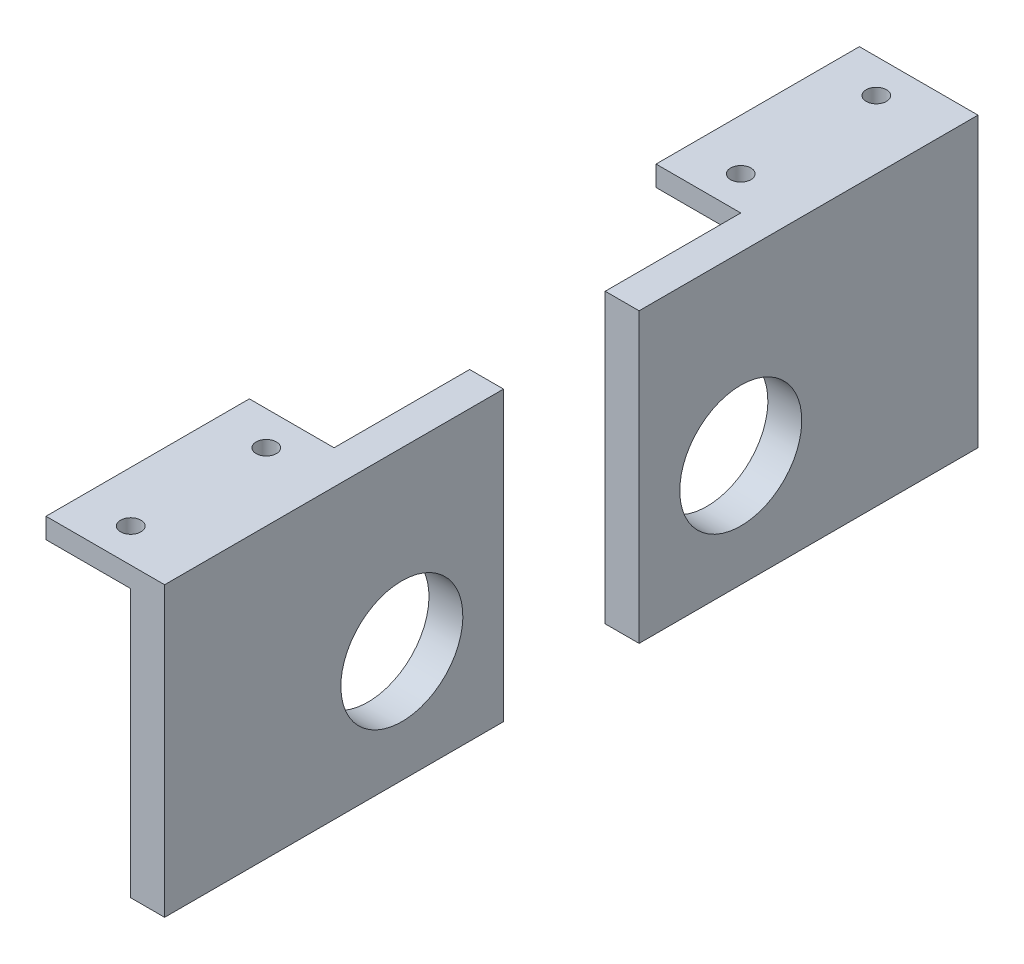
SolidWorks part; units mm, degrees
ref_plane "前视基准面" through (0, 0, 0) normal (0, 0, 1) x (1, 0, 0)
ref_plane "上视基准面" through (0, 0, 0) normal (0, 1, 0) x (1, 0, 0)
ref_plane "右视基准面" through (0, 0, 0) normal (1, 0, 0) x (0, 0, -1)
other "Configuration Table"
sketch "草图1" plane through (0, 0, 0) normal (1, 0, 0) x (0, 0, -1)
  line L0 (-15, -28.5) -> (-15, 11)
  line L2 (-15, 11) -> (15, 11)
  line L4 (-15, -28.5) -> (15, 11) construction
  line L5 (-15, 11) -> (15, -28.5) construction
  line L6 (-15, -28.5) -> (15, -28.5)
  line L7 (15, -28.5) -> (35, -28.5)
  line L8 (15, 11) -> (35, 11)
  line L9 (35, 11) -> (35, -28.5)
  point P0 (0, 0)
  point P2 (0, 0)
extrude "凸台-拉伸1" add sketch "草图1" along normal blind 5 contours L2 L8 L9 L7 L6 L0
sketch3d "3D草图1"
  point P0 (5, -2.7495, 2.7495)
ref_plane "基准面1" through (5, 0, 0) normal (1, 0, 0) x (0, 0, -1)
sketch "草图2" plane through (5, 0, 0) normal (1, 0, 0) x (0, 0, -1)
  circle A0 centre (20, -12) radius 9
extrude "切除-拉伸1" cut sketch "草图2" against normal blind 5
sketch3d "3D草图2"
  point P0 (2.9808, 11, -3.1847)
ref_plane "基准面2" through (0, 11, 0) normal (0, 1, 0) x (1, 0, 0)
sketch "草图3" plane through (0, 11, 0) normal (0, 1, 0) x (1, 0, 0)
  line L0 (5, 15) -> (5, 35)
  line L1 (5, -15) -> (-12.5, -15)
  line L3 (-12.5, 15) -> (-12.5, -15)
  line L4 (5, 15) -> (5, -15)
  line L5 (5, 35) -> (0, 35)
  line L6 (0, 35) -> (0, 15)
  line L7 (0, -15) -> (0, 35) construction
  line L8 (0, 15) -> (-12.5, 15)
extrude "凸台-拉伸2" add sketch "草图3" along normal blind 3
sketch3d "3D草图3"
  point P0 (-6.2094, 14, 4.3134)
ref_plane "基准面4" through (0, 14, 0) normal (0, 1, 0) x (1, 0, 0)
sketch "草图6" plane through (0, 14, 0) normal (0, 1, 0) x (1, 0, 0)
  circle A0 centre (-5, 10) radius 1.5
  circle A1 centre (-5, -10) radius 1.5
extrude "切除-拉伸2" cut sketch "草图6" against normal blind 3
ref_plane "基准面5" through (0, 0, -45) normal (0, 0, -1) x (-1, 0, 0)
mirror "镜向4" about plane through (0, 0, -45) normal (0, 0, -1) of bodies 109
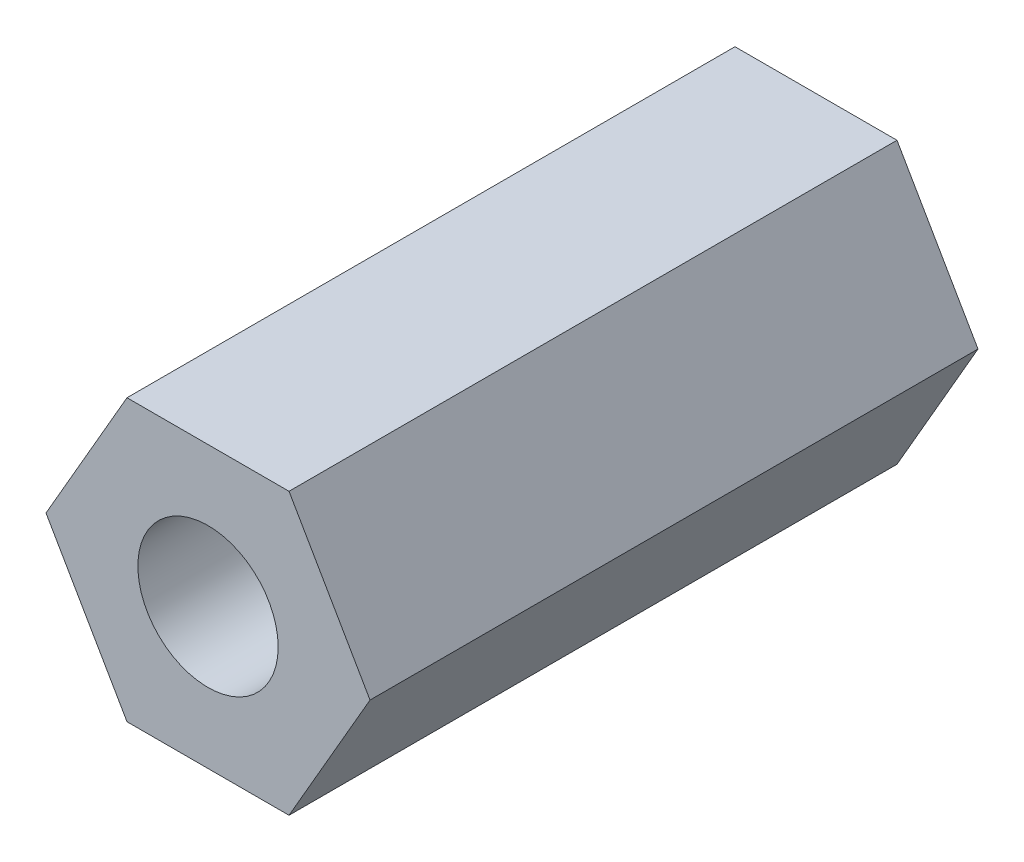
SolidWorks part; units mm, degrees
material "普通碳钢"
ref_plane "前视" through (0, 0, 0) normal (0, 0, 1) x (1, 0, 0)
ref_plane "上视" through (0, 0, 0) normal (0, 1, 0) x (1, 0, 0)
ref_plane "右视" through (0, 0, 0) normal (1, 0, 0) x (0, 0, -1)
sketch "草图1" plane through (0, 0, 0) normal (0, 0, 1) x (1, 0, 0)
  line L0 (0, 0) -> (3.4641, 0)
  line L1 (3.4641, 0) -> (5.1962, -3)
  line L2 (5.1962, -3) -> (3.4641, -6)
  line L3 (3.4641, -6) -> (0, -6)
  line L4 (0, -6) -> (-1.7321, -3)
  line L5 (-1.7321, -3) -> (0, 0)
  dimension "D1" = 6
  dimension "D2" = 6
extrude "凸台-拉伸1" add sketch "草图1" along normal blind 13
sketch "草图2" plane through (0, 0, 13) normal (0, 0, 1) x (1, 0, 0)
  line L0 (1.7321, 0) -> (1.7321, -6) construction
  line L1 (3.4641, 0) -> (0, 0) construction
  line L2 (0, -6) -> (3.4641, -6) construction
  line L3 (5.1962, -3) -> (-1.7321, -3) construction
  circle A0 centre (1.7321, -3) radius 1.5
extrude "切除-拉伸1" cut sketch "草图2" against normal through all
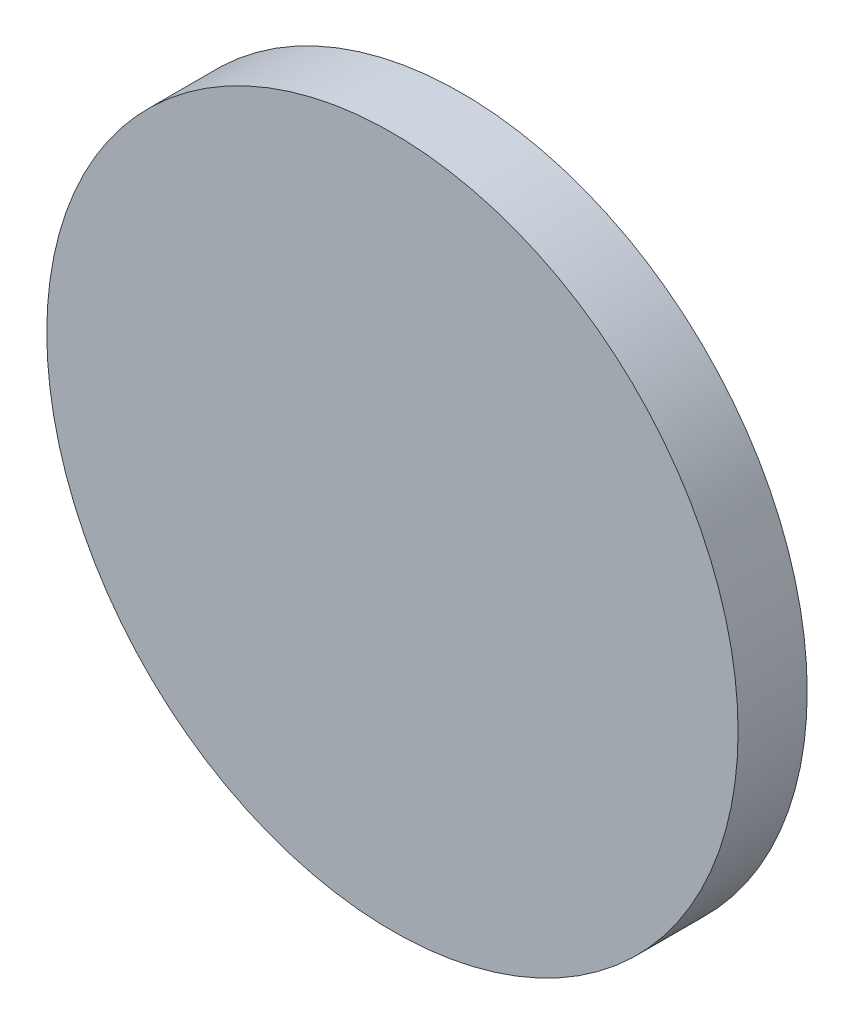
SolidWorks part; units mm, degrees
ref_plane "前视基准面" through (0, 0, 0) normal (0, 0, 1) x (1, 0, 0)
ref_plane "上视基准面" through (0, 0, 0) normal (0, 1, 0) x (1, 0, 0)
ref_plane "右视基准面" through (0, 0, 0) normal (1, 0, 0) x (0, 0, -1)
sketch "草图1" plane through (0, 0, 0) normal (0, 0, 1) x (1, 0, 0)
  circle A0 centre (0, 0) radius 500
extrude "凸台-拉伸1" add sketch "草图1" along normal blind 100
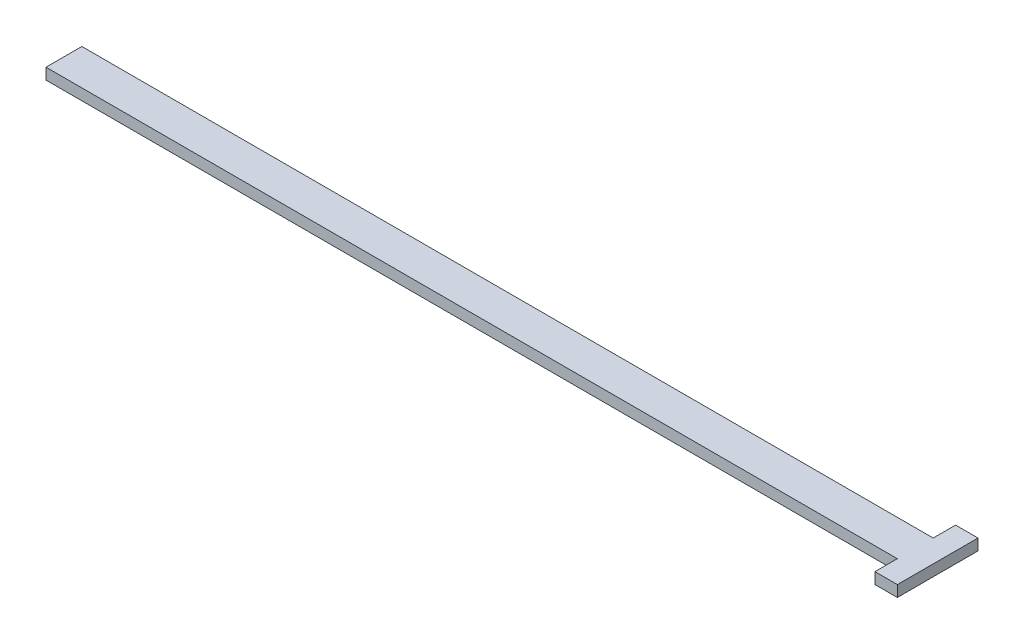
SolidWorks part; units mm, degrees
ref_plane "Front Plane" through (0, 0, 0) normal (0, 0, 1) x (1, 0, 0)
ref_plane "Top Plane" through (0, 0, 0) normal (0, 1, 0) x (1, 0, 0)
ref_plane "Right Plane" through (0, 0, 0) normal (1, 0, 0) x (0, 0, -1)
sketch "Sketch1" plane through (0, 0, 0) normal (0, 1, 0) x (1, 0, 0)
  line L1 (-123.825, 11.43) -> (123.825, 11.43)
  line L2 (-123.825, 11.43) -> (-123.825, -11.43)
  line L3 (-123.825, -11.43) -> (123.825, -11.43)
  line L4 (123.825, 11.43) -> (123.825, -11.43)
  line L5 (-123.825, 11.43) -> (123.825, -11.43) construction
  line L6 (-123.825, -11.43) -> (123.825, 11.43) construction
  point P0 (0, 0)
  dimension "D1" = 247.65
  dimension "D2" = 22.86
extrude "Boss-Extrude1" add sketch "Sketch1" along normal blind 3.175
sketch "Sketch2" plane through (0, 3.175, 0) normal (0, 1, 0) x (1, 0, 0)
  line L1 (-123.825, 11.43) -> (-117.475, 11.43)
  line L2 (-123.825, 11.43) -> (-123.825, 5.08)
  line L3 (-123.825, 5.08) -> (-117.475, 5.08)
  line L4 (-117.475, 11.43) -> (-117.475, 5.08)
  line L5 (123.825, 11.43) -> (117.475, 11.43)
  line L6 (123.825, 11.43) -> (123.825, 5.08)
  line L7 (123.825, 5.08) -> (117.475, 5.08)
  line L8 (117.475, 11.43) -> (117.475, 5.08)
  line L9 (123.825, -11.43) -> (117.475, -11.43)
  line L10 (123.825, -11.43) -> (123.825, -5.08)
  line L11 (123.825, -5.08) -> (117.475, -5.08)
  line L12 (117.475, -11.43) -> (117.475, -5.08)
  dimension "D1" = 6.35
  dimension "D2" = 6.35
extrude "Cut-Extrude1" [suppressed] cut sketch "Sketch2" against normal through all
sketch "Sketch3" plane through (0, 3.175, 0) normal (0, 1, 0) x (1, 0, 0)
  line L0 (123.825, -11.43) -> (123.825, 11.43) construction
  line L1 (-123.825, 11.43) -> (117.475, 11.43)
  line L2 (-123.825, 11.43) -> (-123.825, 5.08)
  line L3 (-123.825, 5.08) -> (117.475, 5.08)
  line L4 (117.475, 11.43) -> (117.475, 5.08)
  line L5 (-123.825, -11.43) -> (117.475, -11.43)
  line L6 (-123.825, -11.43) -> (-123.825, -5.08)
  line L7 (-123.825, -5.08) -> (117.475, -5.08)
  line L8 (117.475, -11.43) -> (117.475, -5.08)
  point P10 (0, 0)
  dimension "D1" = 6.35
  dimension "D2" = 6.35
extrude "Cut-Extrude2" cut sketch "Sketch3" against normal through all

WORK INSTRUCTION ->
The whole listing above must be set down again exactly, but without its images.

ANSWER SPACE ->
SolidWorks part; units mm, degrees
ref_plane "前视基准面" through (0, 0, 0) normal (0, 0, 1) x (1, 0, 0)
ref_plane "上视基准面" through (0, 0, 0) normal (0, 1, 0) x (1, 0, 0)
ref_plane "右视基准面" through (0, 0, 0) normal (1, 0, 0) x (0, 0, -1)
other "Configuration Table"
sketch "草图1" plane through (0, 0, 0) normal (1, 0, 0) x (0, 0, -1)
  line L0 (-15, -28.5) -> (-15, 11)
  line L2 (-15, 11) -> (15, 11)
  line L4 (-15, -28.5) -> (15, 11) construction
  line L5 (-15, 11) -> (15, -28.5) construction
  line L6 (-15, -28.5) -> (15, -28.5)
  line L7 (15, -28.5) -> (35, -28.5)
  line L8 (15, 11) -> (35, 11)
  line L9 (35, 11) -> (35, -28.5)
  point P0 (0, 0)
  point P2 (0, 0)
extrude "凸台-拉伸1" add sketch "草图1" along normal blind 5 contours L2 L8 L9 L7 L6 L0
sketch3d "3D草图1"
  point P0 (5, -2.7495, 2.7495)
ref_plane "基准面1" through (5, 0, 0) normal (1, 0, 0) x (0, 0, -1)
sketch "草图2" plane through (5, 0, 0) normal (1, 0, 0) x (0, 0, -1)
  circle A0 centre (20, -12) radius 9
extrude "切除-拉伸1" cut sketch "草图2" against normal blind 5
sketch3d "3D草图2"
  point P0 (2.9808, 11, -3.1847)
ref_plane "基准面2" through (0, 11, 0) normal (0, 1, 0) x (1, 0, 0)
sketch "草图3" plane through (0, 11, 0) normal (0, 1, 0) x (1, 0, 0)
  line L0 (5, 15) -> (5, 35)
  line L1 (5, -15) -> (-12.5, -15)
  line L3 (-12.5, 15) -> (-12.5, -15)
  line L4 (5, 15) -> (5, -15)
  line L5 (5, 35) -> (0, 35)
  line L6 (0, 35) -> (0, 15)
  line L7 (0, -15) -> (0, 35) construction
  line L8 (0, 15) -> (-12.5, 15)
extrude "凸台-拉伸2" add sketch "草图3" along normal blind 3
sketch3d "3D草图3"
  point P0 (-6.2094, 14, 4.3134)
ref_plane "基准面4" through (0, 14, 0) normal (0, 1, 0) x (1, 0, 0)
sketch "草图6" plane through (0, 14, 0) normal (0, 1, 0) x (1, 0, 0)
  circle A0 centre (-5, 10) radius 1.5
  circle A1 centre (-5, -10) radius 1.5
extrude "切除-拉伸2" cut sketch "草图6" against normal blind 3
ref_plane "基准面5" through (0, 0, -45) normal (0, 0, -1) x (-1, 0, 0)
mirror "镜向4" about plane through (0, 0, -45) normal (0, 0, -1) of bodies 109
SolidWorks part; units mm, degrees
material "普通碳钢"
ref_plane "前视" through (0, 0, 0) normal (0, 0, 1) x (1, 0, 0)
ref_plane "上视" through (0, 0, 0) normal (0, 1, 0) x (1, 0, 0)
ref_plane "右视" through (0, 0, 0) normal (1, 0, 0) x (0, 0, -1)
sketch "草图1" plane through (0, 0, 0) normal (0, 0, 1) x (1, 0, 0)
  line L0 (0, 0) -> (3.4641, 0)
  line L1 (3.4641, 0) -> (5.1962, -3)
  line L2 (5.1962, -3) -> (3.4641, -6)
  line L3 (3.4641, -6) -> (0, -6)
  line L4 (0, -6) -> (-1.7321, -3)
  line L5 (-1.7321, -3) -> (0, 0)
  dimension "D1" = 6
  dimension "D2" = 6
extrude "凸台-拉伸1" add sketch "草图1" along normal blind 13
sketch "草图2" plane through (0, 0, 13) normal (0, 0, 1) x (1, 0, 0)
  line L0 (1.7321, 0) -> (1.7321, -6) construction
  line L1 (3.4641, 0) -> (0, 0) construction
  line L2 (0, -6) -> (3.4641, -6) construction
  line L3 (5.1962, -3) -> (-1.7321, -3) construction
  circle A0 centre (1.7321, -3) radius 1.5
extrude "切除-拉伸1" cut sketch "草图2" against normal through all
SolidWorks part; units mm, degrees
ref_plane "前视基准面" through (0, 0, 0) normal (0, 0, 1) x (1, 0, 0)
ref_plane "上视基准面" through (0, 0, 0) normal (0, 1, 0) x (1, 0, 0)
ref_plane "右视基准面" through (0, 0, 0) normal (1, 0, 0) x (0, 0, -1)
sketch "草图1" plane through (0, 0, 0) normal (0, 0, 1) x (1, 0, 0)
  circle A0 centre (0, 0) radius 500
extrude "凸台-拉伸1" add sketch "草图1" along normal blind 100
SolidWorks part; units mm, degrees
ref_plane "Front Plane" through (0, 0, 0) normal (0, 0, 1) x (1, 0, 0)
ref_plane "Top Plane" through (0, 0, 0) normal (0, 1, 0) x (1, 0, 0)
ref_plane "Right Plane" through (0, 0, 0) normal (1, 0, 0) x (0, 0, -1)
sketch "Sketch1" plane through (0, 0, 0) normal (0, 1, 0) x (1, 0, 0)
  line L1 (-123.825, 11.43) -> (123.825, 11.43)
  line L2 (-123.825, 11.43) -> (-123.825, -11.43)
  line L3 (-123.825, -11.43) -> (123.825, -11.43)
  line L4 (123.825, 11.43) -> (123.825, -11.43)
  line L5 (-123.825, 11.43) -> (123.825, -11.43) construction
  line L6 (-123.825, -11.43) -> (123.825, 11.43) construction
  point P0 (0, 0)
  dimension "D1" = 247.65
  dimension "D2" = 22.86
extrude "Boss-Extrude1" add sketch "Sketch1" along normal blind 3.175
sketch "Sketch2" plane through (0, 3.175, 0) normal (0, 1, 0) x (1, 0, 0)
  line L1 (-123.825, 11.43) -> (-117.475, 11.43)
  line L2 (-123.825, 11.43) -> (-123.825, 5.08)
  line L3 (-123.825, 5.08) -> (-117.475, 5.08)
  line L4 (-117.475, 11.43) -> (-117.475, 5.08)
  line L5 (123.825, 11.43) -> (117.475, 11.43)
  line L6 (123.825, 11.43) -> (123.825, 5.08)
  line L7 (123.825, 5.08) -> (117.475, 5.08)
  line L8 (117.475, 11.43) -> (117.475, 5.08)
  line L9 (123.825, -11.43) -> (117.475, -11.43)
  line L10 (123.825, -11.43) -> (123.825, -5.08)
  line L11 (123.825, -5.08) -> (117.475, -5.08)
  line L12 (117.475, -11.43) -> (117.475, -5.08)
  dimension "D1" = 6.35
  dimension "D2" = 6.35
extrude "Cut-Extrude1" [suppressed] cut sketch "Sketch2" against normal through all
sketch "Sketch3" plane through (0, 3.175, 0) normal (0, 1, 0) x (1, 0, 0)
  line L0 (123.825, -11.43) -> (123.825, 11.43) construction
  line L1 (-123.825, 11.43) -> (117.475, 11.43)
  line L2 (-123.825, 11.43) -> (-123.825, 5.08)
  line L3 (-123.825, 5.08) -> (117.475, 5.08)
  line L4 (117.475, 11.43) -> (117.475, 5.08)
  line L5 (-123.825, -11.43) -> (117.475, -11.43)
  line L6 (-123.825, -11.43) -> (-123.825, -5.08)
  line L7 (-123.825, -5.08) -> (117.475, -5.08)
  line L8 (117.475, -11.43) -> (117.475, -5.08)
  point P10 (0, 0)
  dimension "D1" = 6.35
  dimension "D2" = 6.35
extrude "Cut-Extrude2" cut sketch "Sketch3" against normal through all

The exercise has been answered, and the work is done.